А в библиотеках, любителям набоковских выкрутасов и вельветовых пиджаков, объевшимся развернутыми метафорам, становилось стыдно и писать и читать, потому что за окном, пол всего, как и их нижняя часть туловища, мычала от осеннего разгула. Но они отводили глаза от пейзажа и убегали в стол торными дорожками слов.
А за городом под серым тентом неба было мокро. Суриковые, охристые акварели размазал по лесному массиву дошкольник. Ржавели придорожные рощи, и в них голосовали попутчицы. Автомобилист был вправе выбрать себе попутчицу в дорогу. Можно было взять ортодоксальную бумажную березу. Но тут риск получить бодягу из частушек и слез с водкой. Взять елку? Да чего доброго усядется, насупит хвойные брови, и будет всю дорогу зло молчать, как дед мороз без работы. Осину!
Но все-таки, вся загородная осень была некомфортной, раздражающей кожу и пищеварение, и нервную систему. Хотя, объективно, все понимали, что все кругом очень красиво, и в городе, уставившись в белую стену, им ретушью нарисуется этот легкий бежевый пейзаж, но это будет потом.
Однообразие полей рассчитано было на гурманов, которые могут отличить серую, прилипшую к земле сурепку от абсолютно такой же серой, прилипшей к земле “не сурепки”. Раздражал осенний минимализм, который сокращал все до неба и земли, и ничего нового не добавлялось к этим двум, сколько не жги бензин…
Зато лесные массивы – радовали своей обустроенностью. Здесь знаков, предупреждающих о наличии лосей, было на порядок больше, чем самих лосей. То же относилось и к предупреждениям о косулях, кабанах и прочих. Сентиментальный знак – белочка в красном теремке, недвусмысленно отсылал к сказкам Пушкина…
“Вы свободны, – продолжал Дубровский, обращаясь к бледной княгине. – Нет, – отвечала она. – Поздно – я обвенчана, я жена князя Верейского. – Что вы говорите, – закричал с отчаяния Дубровский, – нет, вы не жена его, вы были приневолены, вы никогда не могли согласиться… – Я согласилась, я дала клятву, – возразила она с твердостию, – князь мой муж, прикажите освободить его, и оставьте меня с ним. Я не обманывала. Я ждала вас до последней минуты… Но теперь, говорю вам, теперь поздно”.

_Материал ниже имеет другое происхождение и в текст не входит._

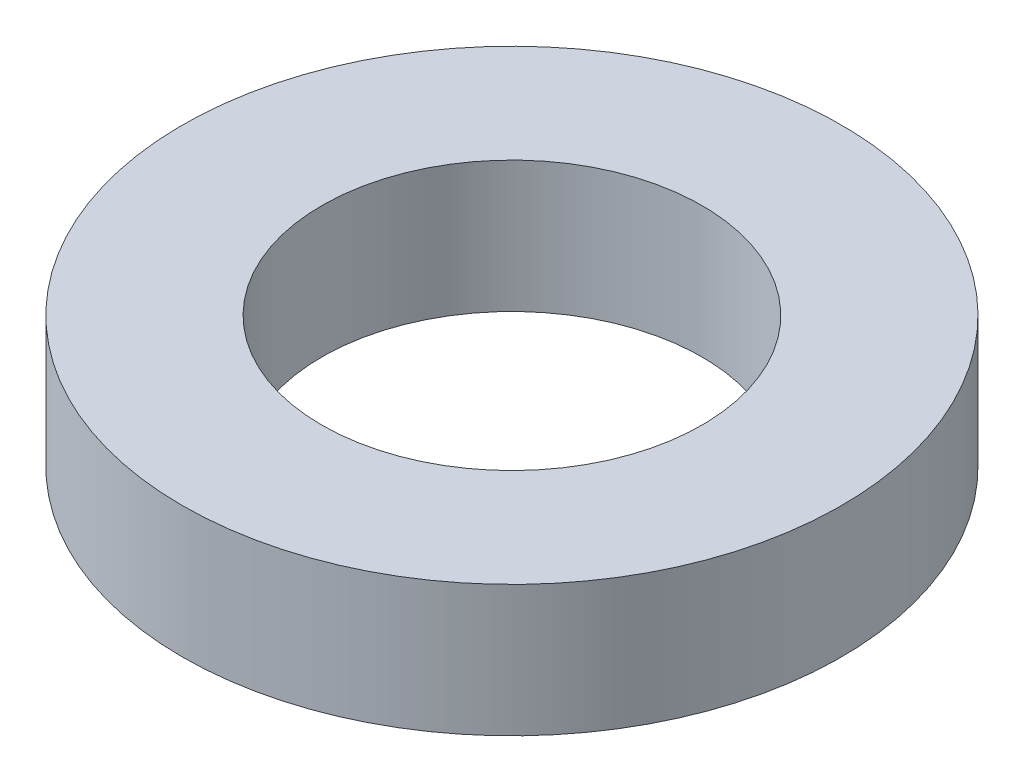
ISO-10303-21;
HEADER;
FILE_DESCRIPTION(('STEP AP214'),'2;1');
FILE_NAME('part.step','',(''),(''),'','','');
FILE_SCHEMA(('AUTOMOTIVE_DESIGN { 1 0 10303 214 1 1 1 1 }'));
ENDSEC;
DATA;
#1=APPLICATION_CONTEXT('core data for automotive mechanical design processes');
#2=APPLICATION_PROTOCOL_DEFINITION('international standard','automotive_design',2000,#1);
#3=PRODUCT_CONTEXT('',#1,'mechanical');
#4=PRODUCT('Part','Part','',(#3));
#5=PRODUCT_RELATED_PRODUCT_CATEGORY('part','',(#4));
#6=PRODUCT_DEFINITION_FORMATION('','',#4);
#7=PRODUCT_DEFINITION_CONTEXT('part definition',#1,'design');
#8=PRODUCT_DEFINITION('design','',#6,#7);
#9=PRODUCT_DEFINITION_SHAPE('','',#8);
#10=(LENGTH_UNIT() NAMED_UNIT(*) SI_UNIT(.MILLI.,.METRE.));
#11=(NAMED_UNIT(*) PLANE_ANGLE_UNIT() SI_UNIT($,.RADIAN.));
#12=(NAMED_UNIT(*) SI_UNIT($,.STERADIAN.) SOLID_ANGLE_UNIT());
#13=UNCERTAINTY_MEASURE_WITH_UNIT(LENGTH_MEASURE(1.E-05),#10,'distance_accuracy_value','');
#14=(GEOMETRIC_REPRESENTATION_CONTEXT(3) GLOBAL_UNCERTAINTY_ASSIGNED_CONTEXT((#13)) GLOBAL_UNIT_ASSIGNED_CONTEXT((#10,
#11,#12)) REPRESENTATION_CONTEXT('',''));
#15=CARTESIAN_POINT('',(0.,0.,0.));
#16=DIRECTION('',(0.,0.,1.));
#17=DIRECTION('',(1.,0.,0.));
#18=AXIS2_PLACEMENT_3D('',#15,#16,#17);
#19=CARTESIAN_POINT('',(0.,6.57,0.));
#20=DIRECTION('',(0.,1.,0.));
#21=DIRECTION('',(0.,0.,1.));
#22=AXIS2_PLACEMENT_3D('',#19,#20,#21);
#23=PLANE('',#22);
#24=CARTESIAN_POINT('',(0.,6.57,0.));
#25=DIRECTION('',(0.,1.,0.));
#26=DIRECTION('',(0.,0.,1.));
#27=AXIS2_PLACEMENT_3D('',#24,#25,#26);
#28=CIRCLE('',#27,16.51);
#29=CARTESIAN_POINT('',(0.,6.57,16.51));
#30=VERTEX_POINT('',#29);
#31=EDGE_CURVE('E10',#30,#30,#28,.T.);
#32=ORIENTED_EDGE('',*,*,#31,.T.);
#33=EDGE_LOOP('',(#32));
#34=FACE_BOUND('',#33,.T.);
#35=CARTESIAN_POINT('',(0.,6.57,0.));
#36=DIRECTION('',(0.,1.,0.));
#37=DIRECTION('',(0.,0.,1.));
#38=AXIS2_PLACEMENT_3D('',#35,#36,#37);
#39=CIRCLE('',#38,9.525);
#40=CARTESIAN_POINT('',(0.,6.57,9.525));
#41=VERTEX_POINT('',#40);
#42=EDGE_CURVE('E42',#41,#41,#39,.T.);
#43=ORIENTED_EDGE('',*,*,#42,.F.);
#44=EDGE_LOOP('',(#43));
#45=FACE_BOUND('',#44,.T.);
#46=ADVANCED_FACE('F31',(#34,#45),#23,.T.);
#47=CARTESIAN_POINT('',(0.,0.,0.));
#48=DIRECTION('',(0.,1.,0.));
#49=DIRECTION('',(0.,0.,1.));
#50=AXIS2_PLACEMENT_3D('',#47,#48,#49);
#51=PLANE('',#50);
#52=CARTESIAN_POINT('',(0.,0.,0.));
#53=DIRECTION('',(0.,1.,0.));
#54=DIRECTION('',(0.,0.,1.));
#55=AXIS2_PLACEMENT_3D('',#52,#53,#54);
#56=CIRCLE('',#55,16.51);
#57=CARTESIAN_POINT('',(0.,0.,16.51));
#58=VERTEX_POINT('',#57);
#59=EDGE_CURVE('E35',#58,#58,#56,.T.);
#60=ORIENTED_EDGE('',*,*,#59,.F.);
#61=EDGE_LOOP('',(#60));
#62=FACE_BOUND('',#61,.T.);
#63=CARTESIAN_POINT('',(0.,0.,0.));
#64=DIRECTION('',(0.,1.,0.));
#65=DIRECTION('',(0.,0.,1.));
#66=AXIS2_PLACEMENT_3D('',#63,#64,#65);
#67=CIRCLE('',#66,9.525);
#68=CARTESIAN_POINT('',(0.,0.,9.525));
#69=VERTEX_POINT('',#68);
#70=EDGE_CURVE('E44',#69,#69,#67,.T.);
#71=ORIENTED_EDGE('',*,*,#70,.T.);
#72=EDGE_LOOP('',(#71));
#73=FACE_BOUND('',#72,.T.);
#74=ADVANCED_FACE('F54',(#62,#73),#51,.F.);
#75=CARTESIAN_POINT('',(0.,6.57,0.));
#76=DIRECTION('',(0.,-1.,0.));
#77=DIRECTION('',(0.,0.,-1.));
#78=AXIS2_PLACEMENT_3D('',#75,#76,#77);
#79=CYLINDRICAL_SURFACE('',#78,16.51);
#80=ORIENTED_EDGE('',*,*,#31,.F.);
#81=EDGE_LOOP('',(#80));
#82=FACE_BOUND('',#81,.T.);
#83=ORIENTED_EDGE('',*,*,#59,.T.);
#84=EDGE_LOOP('',(#83));
#85=FACE_BOUND('',#84,.T.);
#86=ADVANCED_FACE('F33',(#82,#85),#79,.T.);
#87=CARTESIAN_POINT('',(0.,6.57,0.));
#88=DIRECTION('',(0.,-1.,0.));
#89=DIRECTION('',(0.,0.,-1.));
#90=AXIS2_PLACEMENT_3D('',#87,#88,#89);
#91=CYLINDRICAL_SURFACE('',#90,9.525);
#92=ORIENTED_EDGE('',*,*,#42,.T.);
#93=EDGE_LOOP('',(#92));
#94=FACE_BOUND('',#93,.T.);
#95=ORIENTED_EDGE('',*,*,#70,.F.);
#96=EDGE_LOOP('',(#95));
#97=FACE_BOUND('',#96,.T.);
#98=ADVANCED_FACE('F50',(#94,#97),#91,.F.);
#99=CLOSED_SHELL('',(#46,#74,#86,#98));
#100=MANIFOLD_SOLID_BREP('B2',#99);
#101=ADVANCED_BREP_SHAPE_REPRESENTATION('',(#18,#100),#14);
#102=SHAPE_DEFINITION_REPRESENTATION(#9,#101);
ENDSEC;
END-ISO-10303-21;

Как-то давно еще в школьной библиотеке я взял эту книгу, и приведенный выше отрывок был зачеркнут карандашом по диагонали; слово “поздно” было жирно и криво перечеркнуто, а над репликой “я жена князя Верейского…” было детской рукой прочерчено “ДУРА”.
Я понимаю тебя милая школьница, следует многое перечеркнуть, и сильно прочертить совсем иное; но как перечеркнуть мою осень 2007 года, которая, похоже, такая же “дура” и как та княгиня долдонит одно слово “поздно”?